• Exercise description
For the data below, give again exactly the lines from the one containing "#71=VERTEX_POINT('',#70);" through the one containing "#82=DIRECTION('',(1.,0.,0.));", both ends included, and no others.

Source records
============================================================

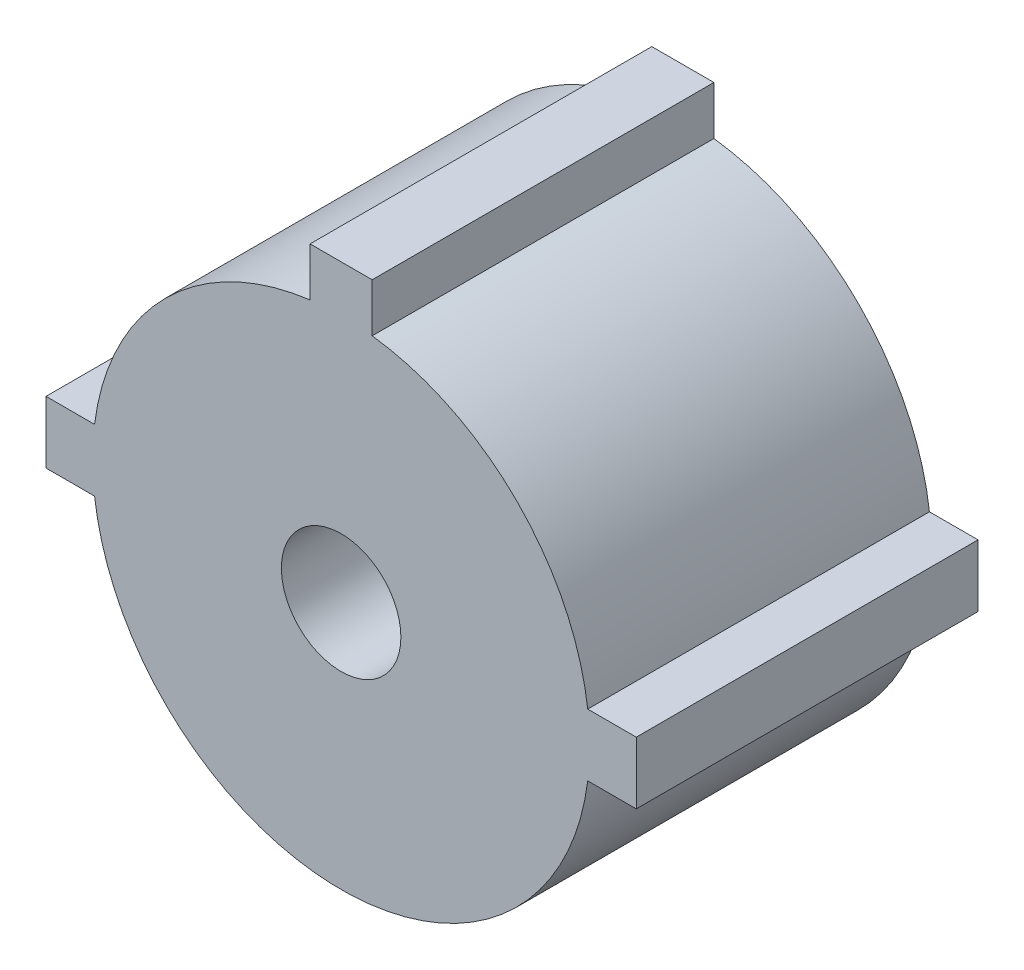
ISO-10303-21;
HEADER;
FILE_DESCRIPTION(('STEP AP214'),'2;1');
FILE_NAME('part.step','',(''),(''),'','','');
FILE_SCHEMA(('AUTOMOTIVE_DESIGN { 1 0 10303 214 1 1 1 1 }'));
ENDSEC;
DATA;
#1=APPLICATION_CONTEXT('core data for automotive mechanical design processes');
#2=APPLICATION_PROTOCOL_DEFINITION('international standard','automotive_design',2000,#1);
#3=PRODUCT_CONTEXT('',#1,'mechanical');
#4=PRODUCT('Part','Part','',(#3));
#5=PRODUCT_RELATED_PRODUCT_CATEGORY('part','',(#4));
#6=PRODUCT_DEFINITION_FORMATION('','',#4);
#7=PRODUCT_DEFINITION_CONTEXT('part definition',#1,'design');
#8=PRODUCT_DEFINITION('design','',#6,#7);
#9=PRODUCT_DEFINITION_SHAPE('','',#8);
#10=(LENGTH_UNIT() NAMED_UNIT(*) SI_UNIT(.MILLI.,.METRE.));
#11=(NAMED_UNIT(*) PLANE_ANGLE_UNIT() SI_UNIT($,.RADIAN.));
#12=(NAMED_UNIT(*) SI_UNIT($,.STERADIAN.) SOLID_ANGLE_UNIT());
#13=UNCERTAINTY_MEASURE_WITH_UNIT(LENGTH_MEASURE(1.E-05),#10,'distance_accuracy_value','');
#14=(GEOMETRIC_REPRESENTATION_CONTEXT(3) GLOBAL_UNCERTAINTY_ASSIGNED_CONTEXT((#13)) GLOBAL_UNIT_ASSIGNED_CONTEXT((#10,
#11,#12)) REPRESENTATION_CONTEXT('',''));
#15=CARTESIAN_POINT('',(0.,0.,0.));
#16=DIRECTION('',(0.,0.,1.));
#17=DIRECTION('',(1.,0.,0.));
#18=AXIS2_PLACEMENT_3D('',#15,#16,#17);
#19=CARTESIAN_POINT('',(0.,0.,5.5));
#20=DIRECTION('',(0.,0.,-1.));
#21=DIRECTION('',(-1.,0.,0.));
#22=AXIS2_PLACEMENT_3D('',#19,#20,#21);
#23=CYLINDRICAL_SURFACE('',#22,4.);
#24=CARTESIAN_POINT('',(0.,0.,0.));
#25=DIRECTION('',(0.,0.,1.));
#26=DIRECTION('',(1.,0.,0.));
#27=AXIS2_PLACEMENT_3D('',#24,#25,#26);
#28=CIRCLE('',#27,4.);
#29=CARTESIAN_POINT('',(-0.5,3.96862696659689,0.));
#30=VERTEX_POINT('',#29);
#31=CARTESIAN_POINT('',(-3.96862696659689,0.5,0.));
#32=VERTEX_POINT('',#31);
#33=EDGE_CURVE('E157',#30,#32,#28,.T.);
#34=ORIENTED_EDGE('',*,*,#33,.T.);
#35=DIRECTION('',(0.,0.,-1.));
#36=VECTOR('',#35,1.);
#37=CARTESIAN_POINT('',(-3.96862696659689,0.5,5.5));
#38=LINE('',#37,#36);
#39=CARTESIAN_POINT('',(-3.96862696659689,0.5,5.5));
#40=VERTEX_POINT('',#39);
#41=EDGE_CURVE('E11',#40,#32,#38,.T.);
#42=ORIENTED_EDGE('',*,*,#41,.F.);
#43=CARTESIAN_POINT('',(0.,0.,5.5));
#44=DIRECTION('',(0.,0.,1.));
#45=DIRECTION('',(1.,0.,0.));
#46=AXIS2_PLACEMENT_3D('',#43,#44,#45);
#47=CIRCLE('',#46,4.);
#48=CARTESIAN_POINT('',(-0.5,3.96862696659689,5.5));
#49=VERTEX_POINT('',#48);
#50=EDGE_CURVE('E100',#49,#40,#47,.T.);
#51=ORIENTED_EDGE('',*,*,#50,.F.);
#52=DIRECTION('',(0.,0.,-1.));
#53=VECTOR('',#52,1.);
#54=CARTESIAN_POINT('',(-0.5,3.96862696659689,5.5));
#55=LINE('',#54,#53);
#56=EDGE_CURVE('E150',#49,#30,#55,.T.);
#57=ORIENTED_EDGE('',*,*,#56,.T.);
#58=EDGE_LOOP('',(#34,#42,#51,#57));
#59=FACE_BOUND('',#58,.T.);
#60=ADVANCED_FACE('F35',(#59),#23,.T.);
#61=CARTESIAN_POINT('',(0.,0.5,5.5));
#62=DIRECTION('',(0.,1.,0.));
#63=DIRECTION('',(0.,0.,1.));
#64=AXIS2_PLACEMENT_3D('',#61,#62,#63);
#65=PLANE('',#64);
#66=DIRECTION('',(1.,0.,0.));
#67=VECTOR('',#66,1.);
#68=CARTESIAN_POINT('',(0.,0.5,0.));
#69=LINE('',#68,#67);
#70=CARTESIAN_POINT('',(-4.75,0.5,0.));
#71=VERTEX_POINT('',#70);
#72=EDGE_CURVE('E160',#71,#32,#69,.T.);
#73=ORIENTED_EDGE('',*,*,#72,.F.);
#74=DIRECTION('',(0.,0.,-1.));
#75=VECTOR('',#74,1.);
#76=CARTESIAN_POINT('',(-4.75,0.5,5.5));
#77=LINE('',#76,#75);
#78=CARTESIAN_POINT('',(-4.75,0.5,5.5));
#79=VERTEX_POINT('',#78);
#80=EDGE_CURVE('E44',#79,#71,#77,.T.);
#81=ORIENTED_EDGE('',*,*,#80,.F.);
#82=DIRECTION('',(1.,0.,0.));
#83=VECTOR('',#82,1.);
#84=CARTESIAN_POINT('',(0.,0.5,5.5));
#85=LINE('',#84,#83);
#86=EDGE_CURVE('E218',#79,#40,#85,.T.);
#87=ORIENTED_EDGE('',*,*,#86,.T.);
#88=ORIENTED_EDGE('',*,*,#41,.T.);
#89=EDGE_LOOP('',(#73,#81,#87,#88));
#90=FACE_BOUND('',#89,.T.);
#91=ADVANCED_FACE('F217',(#90),#65,.T.);
#92=CARTESIAN_POINT('',(-4.75,0.,5.5));
#93=DIRECTION('',(1.,0.,0.));
#94=DIRECTION('',(0.,0.,-1.));
#95=AXIS2_PLACEMENT_3D('',#92,#93,#94);
#96=PLANE('',#95);
#97=DIRECTION('',(0.,-1.,0.));
#98=VECTOR('',#97,1.);
#99=CARTESIAN_POINT('',(-4.75,0.,0.));
#100=LINE('',#99,#98);
#101=CARTESIAN_POINT('',(-4.75,-0.5,0.));
#102=VERTEX_POINT('',#101);
#103=EDGE_CURVE('E163',#71,#102,#100,.T.);
#104=ORIENTED_EDGE('',*,*,#103,.T.);
#105=DIRECTION('',(0.,0.,-1.));
#106=VECTOR('',#105,1.);
#107=CARTESIAN_POINT('',(-4.75,-0.5,5.5));
#108=LINE('',#107,#106);
#109=CARTESIAN_POINT('',(-4.75,-0.5,5.5));
#110=VERTEX_POINT('',#109);
#111=EDGE_CURVE('E201',#110,#102,#108,.T.);
#112=ORIENTED_EDGE('',*,*,#111,.F.);
#113=DIRECTION('',(0.,-1.,0.));
#114=VECTOR('',#113,1.);
#115=CARTESIAN_POINT('',(-4.75,0.,5.5));
#116=LINE('',#115,#114);
#117=EDGE_CURVE('E208',#79,#110,#116,.T.);
#118=ORIENTED_EDGE('',*,*,#117,.F.);
#119=ORIENTED_EDGE('',*,*,#80,.T.);
#120=EDGE_LOOP('',(#104,#112,#118,#119));
#121=FACE_BOUND('',#120,.T.);
#122=ADVANCED_FACE('F206',(#121),#96,.F.);
#123=CARTESIAN_POINT('',(0.,-0.5,5.5));
#124=DIRECTION('',(0.,1.,0.));
#125=DIRECTION('',(0.,0.,1.));
#126=AXIS2_PLACEMENT_3D('',#123,#124,#125);
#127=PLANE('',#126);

============================================================

• Your solution
#71=VERTEX_POINT('',#70);
#72=EDGE_CURVE('E160',#71,#32,#69,.T.);
#73=ORIENTED_EDGE('',*,*,#72,.F.);
#74=DIRECTION('',(0.,0.,-1.));
#75=VECTOR('',#74,1.);
#76=CARTESIAN_POINT('',(-4.75,0.5,5.5));
#77=LINE('',#76,#75);
#78=CARTESIAN_POINT('',(-4.75,0.5,5.5));
#79=VERTEX_POINT('',#78);
#80=EDGE_CURVE('E44',#79,#71,#77,.T.);
#81=ORIENTED_EDGE('',*,*,#80,.F.);
#82=DIRECTION('',(1.,0.,0.));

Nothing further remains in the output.